**WORK INSTRUCTION**
Only one stretch of the records below should be repeated. It starts with the line containing "#354=AXIS2_PLACEMENT_3D('',#351,#352,#353);" and goes on through the line containing "#359=ORIENTED_EDGE('',*,*,#358,.F.);", exactly as written.

**THE RECORDS**
[Start of section]

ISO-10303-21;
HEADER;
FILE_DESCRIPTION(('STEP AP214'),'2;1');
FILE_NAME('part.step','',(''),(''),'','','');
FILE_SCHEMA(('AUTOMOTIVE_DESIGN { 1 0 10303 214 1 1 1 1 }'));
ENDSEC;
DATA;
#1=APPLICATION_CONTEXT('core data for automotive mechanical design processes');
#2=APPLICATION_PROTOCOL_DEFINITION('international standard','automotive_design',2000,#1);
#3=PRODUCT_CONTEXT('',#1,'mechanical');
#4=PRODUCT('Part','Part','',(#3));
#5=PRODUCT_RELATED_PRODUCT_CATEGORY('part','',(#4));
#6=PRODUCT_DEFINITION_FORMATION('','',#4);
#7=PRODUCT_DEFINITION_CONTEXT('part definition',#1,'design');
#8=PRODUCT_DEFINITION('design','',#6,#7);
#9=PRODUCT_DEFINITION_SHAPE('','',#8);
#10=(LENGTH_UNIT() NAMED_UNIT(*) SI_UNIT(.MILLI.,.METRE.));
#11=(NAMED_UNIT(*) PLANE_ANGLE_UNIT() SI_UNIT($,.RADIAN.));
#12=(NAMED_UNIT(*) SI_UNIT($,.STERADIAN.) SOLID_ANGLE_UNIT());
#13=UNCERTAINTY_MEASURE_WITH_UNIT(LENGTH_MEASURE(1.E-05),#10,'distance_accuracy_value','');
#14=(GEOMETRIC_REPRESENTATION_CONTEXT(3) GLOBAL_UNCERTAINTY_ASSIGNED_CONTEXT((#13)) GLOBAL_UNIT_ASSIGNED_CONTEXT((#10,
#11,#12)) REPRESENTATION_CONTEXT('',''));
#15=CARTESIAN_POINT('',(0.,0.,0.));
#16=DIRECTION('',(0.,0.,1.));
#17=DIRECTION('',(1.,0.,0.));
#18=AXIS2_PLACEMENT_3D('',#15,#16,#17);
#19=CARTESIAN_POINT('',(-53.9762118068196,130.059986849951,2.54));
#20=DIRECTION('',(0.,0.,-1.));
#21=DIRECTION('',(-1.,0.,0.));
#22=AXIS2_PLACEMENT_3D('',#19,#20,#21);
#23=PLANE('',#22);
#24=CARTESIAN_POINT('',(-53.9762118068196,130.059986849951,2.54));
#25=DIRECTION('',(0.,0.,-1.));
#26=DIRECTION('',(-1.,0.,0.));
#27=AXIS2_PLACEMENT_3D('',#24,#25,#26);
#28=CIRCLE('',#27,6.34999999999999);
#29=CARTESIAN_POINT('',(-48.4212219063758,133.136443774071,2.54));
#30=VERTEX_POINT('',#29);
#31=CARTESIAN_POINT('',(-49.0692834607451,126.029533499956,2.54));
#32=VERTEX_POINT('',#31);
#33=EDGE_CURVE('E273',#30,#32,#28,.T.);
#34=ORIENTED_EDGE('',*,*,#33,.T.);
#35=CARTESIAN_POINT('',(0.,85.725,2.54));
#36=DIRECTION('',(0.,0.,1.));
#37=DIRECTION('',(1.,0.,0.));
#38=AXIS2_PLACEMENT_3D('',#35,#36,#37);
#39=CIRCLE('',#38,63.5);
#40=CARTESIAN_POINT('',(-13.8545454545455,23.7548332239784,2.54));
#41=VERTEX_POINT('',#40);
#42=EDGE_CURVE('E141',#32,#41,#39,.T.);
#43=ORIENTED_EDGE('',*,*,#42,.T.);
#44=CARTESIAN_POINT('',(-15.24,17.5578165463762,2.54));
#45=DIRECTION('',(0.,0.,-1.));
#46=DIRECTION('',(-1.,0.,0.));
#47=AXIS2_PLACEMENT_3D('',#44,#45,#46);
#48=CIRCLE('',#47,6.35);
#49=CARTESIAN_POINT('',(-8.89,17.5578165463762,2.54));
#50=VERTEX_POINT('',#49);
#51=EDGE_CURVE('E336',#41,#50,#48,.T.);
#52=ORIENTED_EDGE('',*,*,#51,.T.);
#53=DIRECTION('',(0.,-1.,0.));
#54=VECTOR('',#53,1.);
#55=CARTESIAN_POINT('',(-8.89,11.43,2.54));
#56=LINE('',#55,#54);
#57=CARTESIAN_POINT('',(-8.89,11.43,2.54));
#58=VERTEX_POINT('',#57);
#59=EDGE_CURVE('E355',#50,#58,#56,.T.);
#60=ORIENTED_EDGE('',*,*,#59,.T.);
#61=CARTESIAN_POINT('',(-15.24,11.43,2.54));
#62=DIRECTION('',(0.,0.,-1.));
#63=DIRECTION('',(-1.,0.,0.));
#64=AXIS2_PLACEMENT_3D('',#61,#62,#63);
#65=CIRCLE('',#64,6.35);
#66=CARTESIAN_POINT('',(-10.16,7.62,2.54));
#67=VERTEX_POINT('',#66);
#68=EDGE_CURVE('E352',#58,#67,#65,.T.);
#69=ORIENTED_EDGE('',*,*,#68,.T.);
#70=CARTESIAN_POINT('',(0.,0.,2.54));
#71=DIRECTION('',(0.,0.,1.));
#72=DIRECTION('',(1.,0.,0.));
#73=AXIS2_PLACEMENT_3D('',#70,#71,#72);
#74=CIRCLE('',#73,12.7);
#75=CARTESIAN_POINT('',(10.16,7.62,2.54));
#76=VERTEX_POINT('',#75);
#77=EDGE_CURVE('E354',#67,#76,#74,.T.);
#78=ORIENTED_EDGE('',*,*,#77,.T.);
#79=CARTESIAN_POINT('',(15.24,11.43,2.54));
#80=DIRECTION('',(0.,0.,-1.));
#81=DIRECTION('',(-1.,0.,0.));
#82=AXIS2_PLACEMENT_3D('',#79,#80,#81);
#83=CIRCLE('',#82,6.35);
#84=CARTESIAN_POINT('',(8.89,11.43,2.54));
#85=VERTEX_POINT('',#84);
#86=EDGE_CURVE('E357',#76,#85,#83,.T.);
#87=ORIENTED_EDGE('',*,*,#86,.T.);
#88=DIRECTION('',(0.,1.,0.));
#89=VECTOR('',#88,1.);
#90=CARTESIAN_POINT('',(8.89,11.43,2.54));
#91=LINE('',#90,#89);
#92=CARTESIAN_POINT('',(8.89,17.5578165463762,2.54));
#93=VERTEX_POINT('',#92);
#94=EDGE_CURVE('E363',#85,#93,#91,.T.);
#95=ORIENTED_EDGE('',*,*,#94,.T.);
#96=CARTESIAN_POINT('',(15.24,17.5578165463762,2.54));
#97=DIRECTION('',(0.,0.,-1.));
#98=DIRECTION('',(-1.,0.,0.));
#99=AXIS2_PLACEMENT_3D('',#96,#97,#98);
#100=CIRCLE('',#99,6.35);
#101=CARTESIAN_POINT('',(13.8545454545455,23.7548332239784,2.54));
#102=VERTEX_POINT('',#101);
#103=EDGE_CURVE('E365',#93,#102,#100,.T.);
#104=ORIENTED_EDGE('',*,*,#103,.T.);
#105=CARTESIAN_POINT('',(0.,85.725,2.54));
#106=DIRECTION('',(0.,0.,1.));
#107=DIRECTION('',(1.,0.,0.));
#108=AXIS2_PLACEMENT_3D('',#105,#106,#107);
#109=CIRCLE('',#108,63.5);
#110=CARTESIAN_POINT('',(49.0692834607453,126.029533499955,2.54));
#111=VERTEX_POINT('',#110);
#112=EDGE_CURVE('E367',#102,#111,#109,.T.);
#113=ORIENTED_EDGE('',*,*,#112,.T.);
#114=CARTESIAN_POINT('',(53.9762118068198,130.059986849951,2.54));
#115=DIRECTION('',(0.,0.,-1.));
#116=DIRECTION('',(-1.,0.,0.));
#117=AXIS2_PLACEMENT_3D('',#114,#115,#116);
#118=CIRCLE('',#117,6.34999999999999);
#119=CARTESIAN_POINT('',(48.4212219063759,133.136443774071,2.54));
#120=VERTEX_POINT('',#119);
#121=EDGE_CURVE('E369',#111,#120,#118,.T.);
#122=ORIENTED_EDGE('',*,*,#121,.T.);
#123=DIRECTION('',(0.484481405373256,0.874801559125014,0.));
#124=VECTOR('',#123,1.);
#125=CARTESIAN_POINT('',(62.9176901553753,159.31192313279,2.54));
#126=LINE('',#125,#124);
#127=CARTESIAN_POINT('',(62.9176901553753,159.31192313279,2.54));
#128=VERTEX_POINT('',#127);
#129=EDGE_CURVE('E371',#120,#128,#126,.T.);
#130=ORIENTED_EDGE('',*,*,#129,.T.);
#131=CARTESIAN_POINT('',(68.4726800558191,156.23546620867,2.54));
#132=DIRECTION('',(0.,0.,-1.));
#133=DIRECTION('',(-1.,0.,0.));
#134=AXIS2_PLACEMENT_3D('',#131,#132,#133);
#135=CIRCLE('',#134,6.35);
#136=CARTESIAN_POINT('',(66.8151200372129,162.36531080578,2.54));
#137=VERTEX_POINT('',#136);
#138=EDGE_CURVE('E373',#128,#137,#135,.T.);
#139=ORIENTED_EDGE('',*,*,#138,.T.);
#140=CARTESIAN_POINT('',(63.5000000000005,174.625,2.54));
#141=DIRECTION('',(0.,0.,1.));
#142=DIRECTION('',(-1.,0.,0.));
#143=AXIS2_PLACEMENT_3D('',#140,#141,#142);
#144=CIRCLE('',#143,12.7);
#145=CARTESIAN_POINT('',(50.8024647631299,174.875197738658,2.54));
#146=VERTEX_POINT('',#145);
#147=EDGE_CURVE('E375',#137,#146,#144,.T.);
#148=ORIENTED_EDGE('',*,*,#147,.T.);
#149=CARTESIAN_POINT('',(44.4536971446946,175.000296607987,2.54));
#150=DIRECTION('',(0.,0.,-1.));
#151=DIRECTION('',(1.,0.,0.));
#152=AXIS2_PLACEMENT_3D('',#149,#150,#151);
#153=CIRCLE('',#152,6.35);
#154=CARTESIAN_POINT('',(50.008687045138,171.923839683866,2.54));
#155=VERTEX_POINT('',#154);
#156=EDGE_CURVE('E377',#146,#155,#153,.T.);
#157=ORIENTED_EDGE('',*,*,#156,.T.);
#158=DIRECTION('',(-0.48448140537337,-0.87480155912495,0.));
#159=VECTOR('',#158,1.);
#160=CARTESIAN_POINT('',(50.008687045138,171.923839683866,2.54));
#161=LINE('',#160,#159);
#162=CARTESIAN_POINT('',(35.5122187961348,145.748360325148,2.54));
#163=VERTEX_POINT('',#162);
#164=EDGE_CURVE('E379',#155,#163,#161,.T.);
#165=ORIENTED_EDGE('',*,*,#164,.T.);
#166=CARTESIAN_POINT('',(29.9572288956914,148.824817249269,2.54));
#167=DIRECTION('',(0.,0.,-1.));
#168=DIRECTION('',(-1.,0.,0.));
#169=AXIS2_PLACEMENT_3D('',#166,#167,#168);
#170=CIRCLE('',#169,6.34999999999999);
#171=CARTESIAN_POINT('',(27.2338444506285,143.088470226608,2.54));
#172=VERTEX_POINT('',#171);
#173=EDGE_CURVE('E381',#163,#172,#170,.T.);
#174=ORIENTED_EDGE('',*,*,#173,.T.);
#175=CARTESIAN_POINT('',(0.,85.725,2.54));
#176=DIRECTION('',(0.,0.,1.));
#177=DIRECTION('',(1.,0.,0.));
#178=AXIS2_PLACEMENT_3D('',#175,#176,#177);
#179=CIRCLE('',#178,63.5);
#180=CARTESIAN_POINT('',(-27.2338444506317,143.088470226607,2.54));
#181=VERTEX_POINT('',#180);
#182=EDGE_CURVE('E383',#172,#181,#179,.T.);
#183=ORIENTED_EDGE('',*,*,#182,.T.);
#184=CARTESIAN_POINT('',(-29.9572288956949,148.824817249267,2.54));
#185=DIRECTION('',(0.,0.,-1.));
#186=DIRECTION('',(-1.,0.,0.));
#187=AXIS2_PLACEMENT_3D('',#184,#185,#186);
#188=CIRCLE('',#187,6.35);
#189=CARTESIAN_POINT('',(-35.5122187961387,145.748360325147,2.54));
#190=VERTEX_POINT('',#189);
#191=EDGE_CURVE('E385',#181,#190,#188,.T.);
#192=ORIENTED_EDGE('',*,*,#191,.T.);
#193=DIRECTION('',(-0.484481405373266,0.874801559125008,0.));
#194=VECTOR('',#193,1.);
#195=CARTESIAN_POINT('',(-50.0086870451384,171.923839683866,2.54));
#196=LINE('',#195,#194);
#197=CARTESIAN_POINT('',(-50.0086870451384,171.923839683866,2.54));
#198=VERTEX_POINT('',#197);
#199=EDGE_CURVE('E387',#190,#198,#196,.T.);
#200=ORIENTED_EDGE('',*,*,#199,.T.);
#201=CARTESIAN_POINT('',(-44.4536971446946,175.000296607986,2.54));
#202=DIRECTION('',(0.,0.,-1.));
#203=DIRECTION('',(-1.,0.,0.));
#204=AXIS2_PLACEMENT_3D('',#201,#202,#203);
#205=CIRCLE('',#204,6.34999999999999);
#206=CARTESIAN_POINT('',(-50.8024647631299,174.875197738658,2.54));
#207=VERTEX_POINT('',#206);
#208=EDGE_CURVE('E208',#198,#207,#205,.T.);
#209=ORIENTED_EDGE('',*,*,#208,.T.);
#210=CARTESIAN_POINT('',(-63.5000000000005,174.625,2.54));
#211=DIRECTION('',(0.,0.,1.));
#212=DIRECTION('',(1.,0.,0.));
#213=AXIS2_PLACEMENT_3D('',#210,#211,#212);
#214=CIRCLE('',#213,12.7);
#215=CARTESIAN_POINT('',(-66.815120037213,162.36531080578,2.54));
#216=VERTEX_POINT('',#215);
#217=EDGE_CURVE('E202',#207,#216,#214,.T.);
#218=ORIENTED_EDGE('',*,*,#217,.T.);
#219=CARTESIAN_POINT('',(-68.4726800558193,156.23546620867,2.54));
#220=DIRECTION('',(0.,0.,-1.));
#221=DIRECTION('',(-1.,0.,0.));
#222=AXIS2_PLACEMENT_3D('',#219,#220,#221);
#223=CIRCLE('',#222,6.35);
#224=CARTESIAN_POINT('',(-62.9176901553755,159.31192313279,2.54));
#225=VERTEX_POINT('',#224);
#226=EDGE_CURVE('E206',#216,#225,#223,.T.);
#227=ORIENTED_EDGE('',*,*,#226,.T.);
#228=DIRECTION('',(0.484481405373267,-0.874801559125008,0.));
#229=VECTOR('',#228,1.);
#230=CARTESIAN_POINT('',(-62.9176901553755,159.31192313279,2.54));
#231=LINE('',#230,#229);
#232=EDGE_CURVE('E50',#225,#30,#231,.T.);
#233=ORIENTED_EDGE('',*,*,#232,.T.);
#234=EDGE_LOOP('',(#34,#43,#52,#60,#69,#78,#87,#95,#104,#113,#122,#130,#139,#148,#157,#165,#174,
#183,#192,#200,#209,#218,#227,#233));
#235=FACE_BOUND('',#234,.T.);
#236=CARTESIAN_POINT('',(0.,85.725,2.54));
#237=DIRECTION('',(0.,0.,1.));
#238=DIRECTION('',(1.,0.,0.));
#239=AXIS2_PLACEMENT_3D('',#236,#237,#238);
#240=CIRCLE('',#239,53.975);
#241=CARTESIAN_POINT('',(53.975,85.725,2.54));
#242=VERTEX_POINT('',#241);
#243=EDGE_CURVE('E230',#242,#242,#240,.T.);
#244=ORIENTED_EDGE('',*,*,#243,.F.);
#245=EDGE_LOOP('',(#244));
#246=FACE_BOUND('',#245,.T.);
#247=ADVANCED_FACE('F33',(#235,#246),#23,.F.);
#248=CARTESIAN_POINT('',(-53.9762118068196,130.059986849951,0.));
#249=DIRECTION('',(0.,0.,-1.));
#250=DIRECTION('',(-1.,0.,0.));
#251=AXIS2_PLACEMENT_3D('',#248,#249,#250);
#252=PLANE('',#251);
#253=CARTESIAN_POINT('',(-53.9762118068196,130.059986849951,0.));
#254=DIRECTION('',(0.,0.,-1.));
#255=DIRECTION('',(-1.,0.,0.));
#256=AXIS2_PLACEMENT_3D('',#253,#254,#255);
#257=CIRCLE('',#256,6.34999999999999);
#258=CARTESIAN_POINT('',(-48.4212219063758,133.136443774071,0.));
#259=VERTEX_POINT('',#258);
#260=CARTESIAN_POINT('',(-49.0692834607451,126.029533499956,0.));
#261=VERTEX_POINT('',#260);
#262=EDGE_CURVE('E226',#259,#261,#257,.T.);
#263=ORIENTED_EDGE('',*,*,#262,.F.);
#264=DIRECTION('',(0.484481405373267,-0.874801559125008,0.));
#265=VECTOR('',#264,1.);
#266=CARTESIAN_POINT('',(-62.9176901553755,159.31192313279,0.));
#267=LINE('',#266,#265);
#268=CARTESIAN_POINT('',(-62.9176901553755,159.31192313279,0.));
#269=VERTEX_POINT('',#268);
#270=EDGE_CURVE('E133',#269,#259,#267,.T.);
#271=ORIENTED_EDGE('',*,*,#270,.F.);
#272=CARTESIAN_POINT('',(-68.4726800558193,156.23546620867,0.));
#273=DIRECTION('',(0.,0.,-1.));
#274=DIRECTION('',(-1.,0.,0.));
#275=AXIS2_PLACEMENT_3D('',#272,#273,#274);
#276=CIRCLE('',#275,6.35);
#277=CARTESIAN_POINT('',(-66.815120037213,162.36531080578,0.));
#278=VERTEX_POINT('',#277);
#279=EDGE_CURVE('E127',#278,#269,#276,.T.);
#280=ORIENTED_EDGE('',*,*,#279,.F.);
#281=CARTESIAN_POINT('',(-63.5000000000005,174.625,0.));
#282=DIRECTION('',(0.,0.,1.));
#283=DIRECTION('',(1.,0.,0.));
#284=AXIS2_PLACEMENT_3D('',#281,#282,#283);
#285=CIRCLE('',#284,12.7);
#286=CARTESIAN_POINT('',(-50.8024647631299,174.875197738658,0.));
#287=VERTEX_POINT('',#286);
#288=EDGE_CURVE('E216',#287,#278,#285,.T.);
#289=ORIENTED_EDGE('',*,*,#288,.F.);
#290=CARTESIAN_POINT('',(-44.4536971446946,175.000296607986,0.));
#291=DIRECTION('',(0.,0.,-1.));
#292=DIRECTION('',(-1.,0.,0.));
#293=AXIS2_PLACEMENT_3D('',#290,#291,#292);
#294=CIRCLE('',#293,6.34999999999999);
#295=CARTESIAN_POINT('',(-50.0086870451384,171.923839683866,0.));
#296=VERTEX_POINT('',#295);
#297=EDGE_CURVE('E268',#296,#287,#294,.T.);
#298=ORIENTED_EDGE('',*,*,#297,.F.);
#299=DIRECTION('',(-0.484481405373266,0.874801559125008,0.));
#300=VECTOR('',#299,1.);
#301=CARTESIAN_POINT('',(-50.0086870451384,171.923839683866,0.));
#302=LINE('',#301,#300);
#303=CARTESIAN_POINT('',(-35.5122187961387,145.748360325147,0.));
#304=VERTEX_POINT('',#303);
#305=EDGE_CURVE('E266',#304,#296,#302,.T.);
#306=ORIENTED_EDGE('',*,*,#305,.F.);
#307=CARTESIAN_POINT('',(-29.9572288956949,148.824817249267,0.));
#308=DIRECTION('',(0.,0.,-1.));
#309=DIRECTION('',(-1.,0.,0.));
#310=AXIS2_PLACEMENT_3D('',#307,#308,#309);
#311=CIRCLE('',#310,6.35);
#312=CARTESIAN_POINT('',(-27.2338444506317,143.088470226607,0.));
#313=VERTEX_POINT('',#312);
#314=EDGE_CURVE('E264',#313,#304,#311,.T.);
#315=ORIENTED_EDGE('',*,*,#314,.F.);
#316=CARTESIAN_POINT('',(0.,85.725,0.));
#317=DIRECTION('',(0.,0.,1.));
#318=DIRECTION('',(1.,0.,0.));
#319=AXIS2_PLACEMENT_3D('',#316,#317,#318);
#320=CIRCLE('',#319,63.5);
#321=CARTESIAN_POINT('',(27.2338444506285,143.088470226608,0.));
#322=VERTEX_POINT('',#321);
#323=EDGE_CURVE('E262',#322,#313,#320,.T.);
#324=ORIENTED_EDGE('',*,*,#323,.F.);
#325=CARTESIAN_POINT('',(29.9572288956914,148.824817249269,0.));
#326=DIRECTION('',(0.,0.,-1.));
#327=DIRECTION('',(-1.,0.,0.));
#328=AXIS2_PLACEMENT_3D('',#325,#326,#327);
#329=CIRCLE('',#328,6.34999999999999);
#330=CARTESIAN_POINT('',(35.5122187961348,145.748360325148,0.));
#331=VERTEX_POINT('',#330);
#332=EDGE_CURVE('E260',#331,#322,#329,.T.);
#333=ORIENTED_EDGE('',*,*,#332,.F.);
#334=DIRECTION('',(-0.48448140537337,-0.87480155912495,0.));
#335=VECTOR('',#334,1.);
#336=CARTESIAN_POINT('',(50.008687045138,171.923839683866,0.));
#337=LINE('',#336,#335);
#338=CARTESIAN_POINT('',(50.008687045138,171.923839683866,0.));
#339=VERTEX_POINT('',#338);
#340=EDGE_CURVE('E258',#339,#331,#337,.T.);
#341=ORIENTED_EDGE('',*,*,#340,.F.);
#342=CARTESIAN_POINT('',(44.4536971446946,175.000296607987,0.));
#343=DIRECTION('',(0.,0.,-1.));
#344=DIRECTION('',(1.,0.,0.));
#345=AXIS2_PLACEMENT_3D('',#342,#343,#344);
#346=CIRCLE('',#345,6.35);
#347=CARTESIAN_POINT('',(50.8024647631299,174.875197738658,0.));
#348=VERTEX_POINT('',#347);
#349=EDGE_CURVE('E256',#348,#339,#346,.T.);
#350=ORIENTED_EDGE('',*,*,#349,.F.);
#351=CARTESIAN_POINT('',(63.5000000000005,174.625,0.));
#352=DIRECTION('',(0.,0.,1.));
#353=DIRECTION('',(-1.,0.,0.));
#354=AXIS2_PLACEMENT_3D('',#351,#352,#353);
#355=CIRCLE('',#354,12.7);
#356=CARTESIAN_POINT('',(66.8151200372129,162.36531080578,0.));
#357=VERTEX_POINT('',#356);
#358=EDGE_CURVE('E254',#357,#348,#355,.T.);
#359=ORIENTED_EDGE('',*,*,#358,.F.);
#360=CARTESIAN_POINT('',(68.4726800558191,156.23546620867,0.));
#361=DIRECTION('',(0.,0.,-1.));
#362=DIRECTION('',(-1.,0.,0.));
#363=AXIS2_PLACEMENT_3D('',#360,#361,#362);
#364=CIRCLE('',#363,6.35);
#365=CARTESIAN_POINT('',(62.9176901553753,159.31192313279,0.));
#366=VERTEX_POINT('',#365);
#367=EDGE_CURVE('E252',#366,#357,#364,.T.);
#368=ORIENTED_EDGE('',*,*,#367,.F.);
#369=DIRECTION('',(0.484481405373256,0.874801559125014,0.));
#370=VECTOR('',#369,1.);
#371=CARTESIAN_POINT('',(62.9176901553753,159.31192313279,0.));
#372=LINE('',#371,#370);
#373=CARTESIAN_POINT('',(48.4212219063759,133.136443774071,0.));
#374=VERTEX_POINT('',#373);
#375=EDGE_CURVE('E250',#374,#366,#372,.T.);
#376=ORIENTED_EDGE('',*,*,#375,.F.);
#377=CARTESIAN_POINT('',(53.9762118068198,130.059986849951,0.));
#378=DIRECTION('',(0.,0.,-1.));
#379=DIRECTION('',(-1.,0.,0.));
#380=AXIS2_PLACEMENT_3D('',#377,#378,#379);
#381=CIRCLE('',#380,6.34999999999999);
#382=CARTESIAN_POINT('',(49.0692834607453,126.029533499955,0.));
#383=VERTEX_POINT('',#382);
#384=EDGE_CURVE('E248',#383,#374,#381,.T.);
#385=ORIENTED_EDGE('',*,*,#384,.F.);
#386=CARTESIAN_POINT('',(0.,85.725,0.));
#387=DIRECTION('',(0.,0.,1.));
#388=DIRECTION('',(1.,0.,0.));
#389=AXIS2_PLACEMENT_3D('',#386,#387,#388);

[End of section]

**TASK RESPONSE**
#354=AXIS2_PLACEMENT_3D('',#351,#352,#353);
#355=CIRCLE('',#354,12.7);
#356=CARTESIAN_POINT('',(66.8151200372129,162.36531080578,0.));
#357=VERTEX_POINT('',#356);
#358=EDGE_CURVE('E254',#357,#348,#355,.T.);
#359=ORIENTED_EDGE('',*,*,#358,.F.);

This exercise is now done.